Instructions to follow
In the listing below, print exactly the lines between the line holding "Typical Insulated Metal Door R-1.43: F08" and the line holding "Default Surface Constructions 2 |", inclusive, and no more.

■ ■ ■ ■

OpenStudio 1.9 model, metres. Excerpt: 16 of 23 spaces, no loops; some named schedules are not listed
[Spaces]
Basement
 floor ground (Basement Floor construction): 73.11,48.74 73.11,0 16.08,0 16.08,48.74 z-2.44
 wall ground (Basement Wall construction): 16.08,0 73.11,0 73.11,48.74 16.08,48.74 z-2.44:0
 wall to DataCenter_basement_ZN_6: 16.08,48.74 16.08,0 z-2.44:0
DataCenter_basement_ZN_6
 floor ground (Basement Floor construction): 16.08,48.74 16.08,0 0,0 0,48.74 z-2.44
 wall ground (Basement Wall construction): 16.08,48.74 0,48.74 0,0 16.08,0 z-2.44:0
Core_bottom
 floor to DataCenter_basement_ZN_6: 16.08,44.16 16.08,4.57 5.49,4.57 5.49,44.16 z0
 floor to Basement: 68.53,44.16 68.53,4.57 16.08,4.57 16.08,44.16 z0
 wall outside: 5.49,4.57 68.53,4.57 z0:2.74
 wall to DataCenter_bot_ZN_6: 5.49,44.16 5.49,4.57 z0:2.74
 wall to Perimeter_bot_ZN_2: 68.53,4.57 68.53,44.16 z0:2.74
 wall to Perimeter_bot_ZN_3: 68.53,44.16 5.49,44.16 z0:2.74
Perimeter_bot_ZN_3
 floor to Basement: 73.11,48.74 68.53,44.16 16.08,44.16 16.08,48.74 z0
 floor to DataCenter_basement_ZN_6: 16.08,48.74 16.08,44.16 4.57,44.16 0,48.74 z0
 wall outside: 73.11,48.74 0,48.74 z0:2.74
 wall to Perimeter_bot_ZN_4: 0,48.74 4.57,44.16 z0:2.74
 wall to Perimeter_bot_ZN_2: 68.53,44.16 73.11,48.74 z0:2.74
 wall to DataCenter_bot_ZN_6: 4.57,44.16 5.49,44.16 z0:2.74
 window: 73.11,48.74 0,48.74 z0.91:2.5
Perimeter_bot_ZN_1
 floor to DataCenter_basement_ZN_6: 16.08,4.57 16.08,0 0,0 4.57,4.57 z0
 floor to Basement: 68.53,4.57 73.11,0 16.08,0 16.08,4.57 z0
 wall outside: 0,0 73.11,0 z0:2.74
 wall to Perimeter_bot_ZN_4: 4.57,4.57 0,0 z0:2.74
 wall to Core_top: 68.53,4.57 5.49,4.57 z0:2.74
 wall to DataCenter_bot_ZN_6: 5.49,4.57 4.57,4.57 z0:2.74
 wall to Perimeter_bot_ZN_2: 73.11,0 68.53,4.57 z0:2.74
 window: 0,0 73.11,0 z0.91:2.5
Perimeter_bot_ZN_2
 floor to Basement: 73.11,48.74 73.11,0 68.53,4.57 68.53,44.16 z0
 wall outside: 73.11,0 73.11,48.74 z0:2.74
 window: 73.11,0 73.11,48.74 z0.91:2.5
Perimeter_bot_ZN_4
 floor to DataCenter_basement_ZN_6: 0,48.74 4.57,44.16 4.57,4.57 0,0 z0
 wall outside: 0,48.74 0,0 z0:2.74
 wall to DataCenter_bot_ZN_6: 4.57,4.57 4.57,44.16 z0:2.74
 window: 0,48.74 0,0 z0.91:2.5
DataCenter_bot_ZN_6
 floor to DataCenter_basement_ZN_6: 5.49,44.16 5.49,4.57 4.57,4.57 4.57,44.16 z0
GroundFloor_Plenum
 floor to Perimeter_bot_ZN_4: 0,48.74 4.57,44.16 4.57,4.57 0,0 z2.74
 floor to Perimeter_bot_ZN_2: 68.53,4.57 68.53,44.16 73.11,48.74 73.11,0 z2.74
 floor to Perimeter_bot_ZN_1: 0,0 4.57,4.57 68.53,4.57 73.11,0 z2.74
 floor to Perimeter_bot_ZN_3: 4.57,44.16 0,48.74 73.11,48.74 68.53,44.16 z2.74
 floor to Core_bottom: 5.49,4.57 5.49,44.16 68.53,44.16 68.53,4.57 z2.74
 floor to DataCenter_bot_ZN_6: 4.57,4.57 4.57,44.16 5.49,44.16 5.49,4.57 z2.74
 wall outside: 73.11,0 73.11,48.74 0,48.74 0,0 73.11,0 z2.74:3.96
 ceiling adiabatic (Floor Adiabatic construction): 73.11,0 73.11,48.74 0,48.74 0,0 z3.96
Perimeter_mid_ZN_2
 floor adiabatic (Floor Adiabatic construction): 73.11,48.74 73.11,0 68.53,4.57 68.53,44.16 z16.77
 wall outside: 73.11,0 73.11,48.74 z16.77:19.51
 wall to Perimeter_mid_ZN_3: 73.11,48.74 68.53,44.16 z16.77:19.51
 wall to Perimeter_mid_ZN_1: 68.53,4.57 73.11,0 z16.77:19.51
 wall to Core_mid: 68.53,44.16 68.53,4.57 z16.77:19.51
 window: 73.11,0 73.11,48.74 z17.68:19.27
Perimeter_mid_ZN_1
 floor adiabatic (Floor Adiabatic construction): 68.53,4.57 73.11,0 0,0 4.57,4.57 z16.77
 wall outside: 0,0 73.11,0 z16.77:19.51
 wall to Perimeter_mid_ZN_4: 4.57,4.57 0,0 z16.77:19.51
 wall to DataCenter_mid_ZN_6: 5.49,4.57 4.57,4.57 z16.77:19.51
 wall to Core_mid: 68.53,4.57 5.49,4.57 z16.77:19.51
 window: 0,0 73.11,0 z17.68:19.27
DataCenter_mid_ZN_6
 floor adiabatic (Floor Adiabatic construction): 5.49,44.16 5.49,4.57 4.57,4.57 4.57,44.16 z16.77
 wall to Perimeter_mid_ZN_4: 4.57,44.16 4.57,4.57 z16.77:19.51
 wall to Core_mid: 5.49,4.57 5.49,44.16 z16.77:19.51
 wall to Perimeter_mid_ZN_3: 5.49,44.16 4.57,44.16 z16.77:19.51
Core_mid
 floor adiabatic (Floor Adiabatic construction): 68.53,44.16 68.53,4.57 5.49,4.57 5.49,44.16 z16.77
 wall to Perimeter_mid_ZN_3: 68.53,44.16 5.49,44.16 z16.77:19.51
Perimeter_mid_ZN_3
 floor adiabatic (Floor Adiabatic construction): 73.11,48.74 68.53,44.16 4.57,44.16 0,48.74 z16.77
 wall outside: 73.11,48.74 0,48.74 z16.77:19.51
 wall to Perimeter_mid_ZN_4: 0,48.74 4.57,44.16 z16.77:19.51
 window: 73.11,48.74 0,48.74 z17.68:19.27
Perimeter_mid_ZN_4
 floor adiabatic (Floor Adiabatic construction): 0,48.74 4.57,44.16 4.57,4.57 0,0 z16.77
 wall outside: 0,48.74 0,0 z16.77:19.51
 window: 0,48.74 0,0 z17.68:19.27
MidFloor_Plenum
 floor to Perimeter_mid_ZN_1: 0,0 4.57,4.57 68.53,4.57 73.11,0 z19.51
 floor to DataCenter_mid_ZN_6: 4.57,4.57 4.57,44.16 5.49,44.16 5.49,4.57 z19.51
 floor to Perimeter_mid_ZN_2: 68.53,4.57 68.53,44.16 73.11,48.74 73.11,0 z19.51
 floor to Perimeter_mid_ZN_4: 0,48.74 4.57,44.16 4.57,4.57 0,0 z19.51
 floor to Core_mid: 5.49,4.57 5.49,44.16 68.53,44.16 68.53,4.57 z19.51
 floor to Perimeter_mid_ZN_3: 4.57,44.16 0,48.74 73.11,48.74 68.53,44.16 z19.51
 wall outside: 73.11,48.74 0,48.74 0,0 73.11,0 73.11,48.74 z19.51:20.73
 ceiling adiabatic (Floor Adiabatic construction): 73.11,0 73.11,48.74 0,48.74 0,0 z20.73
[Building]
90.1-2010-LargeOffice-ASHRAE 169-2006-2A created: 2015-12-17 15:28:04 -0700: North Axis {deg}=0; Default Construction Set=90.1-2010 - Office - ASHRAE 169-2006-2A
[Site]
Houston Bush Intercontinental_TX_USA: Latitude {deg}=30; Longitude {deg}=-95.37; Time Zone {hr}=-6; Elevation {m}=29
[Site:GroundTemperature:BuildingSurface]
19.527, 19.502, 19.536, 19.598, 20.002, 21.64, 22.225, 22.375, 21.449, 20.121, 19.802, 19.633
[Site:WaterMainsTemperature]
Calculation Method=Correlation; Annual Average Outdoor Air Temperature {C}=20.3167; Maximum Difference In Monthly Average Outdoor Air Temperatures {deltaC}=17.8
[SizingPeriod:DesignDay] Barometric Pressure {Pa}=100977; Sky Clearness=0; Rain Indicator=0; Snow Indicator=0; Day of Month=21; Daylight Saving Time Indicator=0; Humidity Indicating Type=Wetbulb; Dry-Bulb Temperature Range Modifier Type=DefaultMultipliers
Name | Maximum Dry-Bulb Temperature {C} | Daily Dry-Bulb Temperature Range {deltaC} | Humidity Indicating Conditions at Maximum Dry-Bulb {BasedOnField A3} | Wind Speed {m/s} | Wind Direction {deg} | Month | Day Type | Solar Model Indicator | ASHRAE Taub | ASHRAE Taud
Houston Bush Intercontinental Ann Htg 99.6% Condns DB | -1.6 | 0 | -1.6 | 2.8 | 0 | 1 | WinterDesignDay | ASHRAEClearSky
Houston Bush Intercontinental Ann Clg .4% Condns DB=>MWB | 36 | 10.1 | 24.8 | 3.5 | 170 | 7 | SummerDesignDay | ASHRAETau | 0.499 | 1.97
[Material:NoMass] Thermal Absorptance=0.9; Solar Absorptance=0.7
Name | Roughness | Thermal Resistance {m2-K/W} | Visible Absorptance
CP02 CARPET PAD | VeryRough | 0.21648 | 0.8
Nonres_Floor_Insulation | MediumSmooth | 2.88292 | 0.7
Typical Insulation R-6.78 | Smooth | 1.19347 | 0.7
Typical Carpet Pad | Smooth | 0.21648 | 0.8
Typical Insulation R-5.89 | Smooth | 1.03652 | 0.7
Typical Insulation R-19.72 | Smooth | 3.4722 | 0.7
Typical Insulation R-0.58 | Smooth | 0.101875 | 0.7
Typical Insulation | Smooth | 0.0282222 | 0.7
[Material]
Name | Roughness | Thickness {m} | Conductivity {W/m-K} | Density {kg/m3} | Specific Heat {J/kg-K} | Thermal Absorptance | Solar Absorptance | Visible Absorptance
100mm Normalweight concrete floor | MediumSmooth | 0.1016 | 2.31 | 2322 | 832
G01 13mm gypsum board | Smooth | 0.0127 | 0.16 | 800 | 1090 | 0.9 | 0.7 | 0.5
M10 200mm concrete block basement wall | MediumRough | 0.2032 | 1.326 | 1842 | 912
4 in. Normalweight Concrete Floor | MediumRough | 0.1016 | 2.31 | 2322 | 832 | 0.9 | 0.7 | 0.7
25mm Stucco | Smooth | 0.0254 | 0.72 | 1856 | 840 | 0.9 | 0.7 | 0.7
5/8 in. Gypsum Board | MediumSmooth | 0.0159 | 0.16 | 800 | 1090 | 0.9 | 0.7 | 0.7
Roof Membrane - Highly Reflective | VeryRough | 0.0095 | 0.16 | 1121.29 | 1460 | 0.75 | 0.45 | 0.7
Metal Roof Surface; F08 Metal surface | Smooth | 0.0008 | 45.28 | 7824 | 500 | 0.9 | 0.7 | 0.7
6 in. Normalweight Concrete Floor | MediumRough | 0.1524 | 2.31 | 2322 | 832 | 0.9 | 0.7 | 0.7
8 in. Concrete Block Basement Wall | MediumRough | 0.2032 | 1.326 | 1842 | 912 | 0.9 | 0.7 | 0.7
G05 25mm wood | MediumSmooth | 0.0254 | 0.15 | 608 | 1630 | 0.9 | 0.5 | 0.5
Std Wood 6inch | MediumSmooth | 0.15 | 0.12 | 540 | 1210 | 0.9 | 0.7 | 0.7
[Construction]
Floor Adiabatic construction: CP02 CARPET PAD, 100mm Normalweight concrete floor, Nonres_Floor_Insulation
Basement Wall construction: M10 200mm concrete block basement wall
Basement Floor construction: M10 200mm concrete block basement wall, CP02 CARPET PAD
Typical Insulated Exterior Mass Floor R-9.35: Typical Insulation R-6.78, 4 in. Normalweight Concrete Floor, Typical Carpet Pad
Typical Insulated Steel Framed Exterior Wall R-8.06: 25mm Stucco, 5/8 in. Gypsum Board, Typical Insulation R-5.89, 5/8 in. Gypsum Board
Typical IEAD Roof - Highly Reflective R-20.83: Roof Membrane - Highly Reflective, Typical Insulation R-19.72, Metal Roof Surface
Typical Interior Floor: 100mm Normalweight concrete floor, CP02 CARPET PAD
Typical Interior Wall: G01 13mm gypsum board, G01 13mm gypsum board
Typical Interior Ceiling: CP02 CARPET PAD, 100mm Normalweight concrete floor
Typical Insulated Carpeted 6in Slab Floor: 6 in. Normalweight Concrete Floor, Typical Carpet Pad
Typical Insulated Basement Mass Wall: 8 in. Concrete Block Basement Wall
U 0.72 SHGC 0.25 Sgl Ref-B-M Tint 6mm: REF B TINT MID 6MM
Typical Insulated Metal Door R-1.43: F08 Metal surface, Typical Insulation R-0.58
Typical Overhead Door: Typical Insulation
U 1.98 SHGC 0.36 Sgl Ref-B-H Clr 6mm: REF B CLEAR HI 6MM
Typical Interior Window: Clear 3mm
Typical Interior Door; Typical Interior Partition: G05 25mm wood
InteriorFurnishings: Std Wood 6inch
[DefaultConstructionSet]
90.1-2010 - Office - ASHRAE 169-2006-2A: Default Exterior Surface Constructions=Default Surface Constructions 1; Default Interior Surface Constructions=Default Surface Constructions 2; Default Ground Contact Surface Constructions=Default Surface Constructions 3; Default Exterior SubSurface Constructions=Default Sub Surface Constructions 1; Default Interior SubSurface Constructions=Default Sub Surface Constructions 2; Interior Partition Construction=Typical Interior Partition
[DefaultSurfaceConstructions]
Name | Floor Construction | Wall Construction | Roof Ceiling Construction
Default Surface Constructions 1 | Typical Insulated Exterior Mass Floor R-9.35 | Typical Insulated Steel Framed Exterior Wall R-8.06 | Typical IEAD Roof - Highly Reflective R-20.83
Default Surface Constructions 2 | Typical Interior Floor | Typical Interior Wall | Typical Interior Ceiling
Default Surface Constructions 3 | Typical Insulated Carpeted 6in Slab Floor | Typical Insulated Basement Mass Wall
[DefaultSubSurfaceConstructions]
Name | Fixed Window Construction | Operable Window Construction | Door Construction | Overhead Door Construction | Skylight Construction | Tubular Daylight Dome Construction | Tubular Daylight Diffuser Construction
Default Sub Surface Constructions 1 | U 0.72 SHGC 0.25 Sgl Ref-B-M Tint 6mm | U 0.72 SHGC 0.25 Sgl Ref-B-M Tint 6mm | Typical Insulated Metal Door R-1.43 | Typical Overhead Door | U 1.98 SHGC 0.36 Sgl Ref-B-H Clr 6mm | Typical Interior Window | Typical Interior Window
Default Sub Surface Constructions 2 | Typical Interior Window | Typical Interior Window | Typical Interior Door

■ ■ ■ ■

Output of the exercise
Typical Insulated Metal Door R-1.43: F08 Metal surface, Typical Insulation R-0.58
Typical Overhead Door: Typical Insulation
U 1.98 SHGC 0.36 Sgl Ref-B-H Clr 6mm: REF B CLEAR HI 6MM
Typical Interior Window: Clear 3mm
Typical Interior Door; Typical Interior Partition: G05 25mm wood
InteriorFurnishings: Std Wood 6inch
[DefaultConstructionSet]
90.1-2010 - Office - ASHRAE 169-2006-2A: Default Exterior Surface Constructions=Default Surface Constructions 1; Default Interior Surface Constructions=Default Surface Constructions 2; Default Ground Contact Surface Constructions=Default Surface Constructions 3; Default Exterior SubSurface Constructions=Default Sub Surface Constructions 1; Default Interior SubSurface Constructions=Default Sub Surface Constructions 2; Interior Partition Construction=Typical Interior Partition
[DefaultSurfaceConstructions]
Name | Floor Construction | Wall Construction | Roof Ceiling Construction
Default Surface Constructions 1 | Typical Insulated Exterior Mass Floor R-9.35 | Typical Insulated Steel Framed Exterior Wall R-8.06 | Typical IEAD Roof - Highly Reflective R-20.83
Default Surface Constructions 2 | Typical Interior Floor | Typical Interior Wall | Typical Interior Ceiling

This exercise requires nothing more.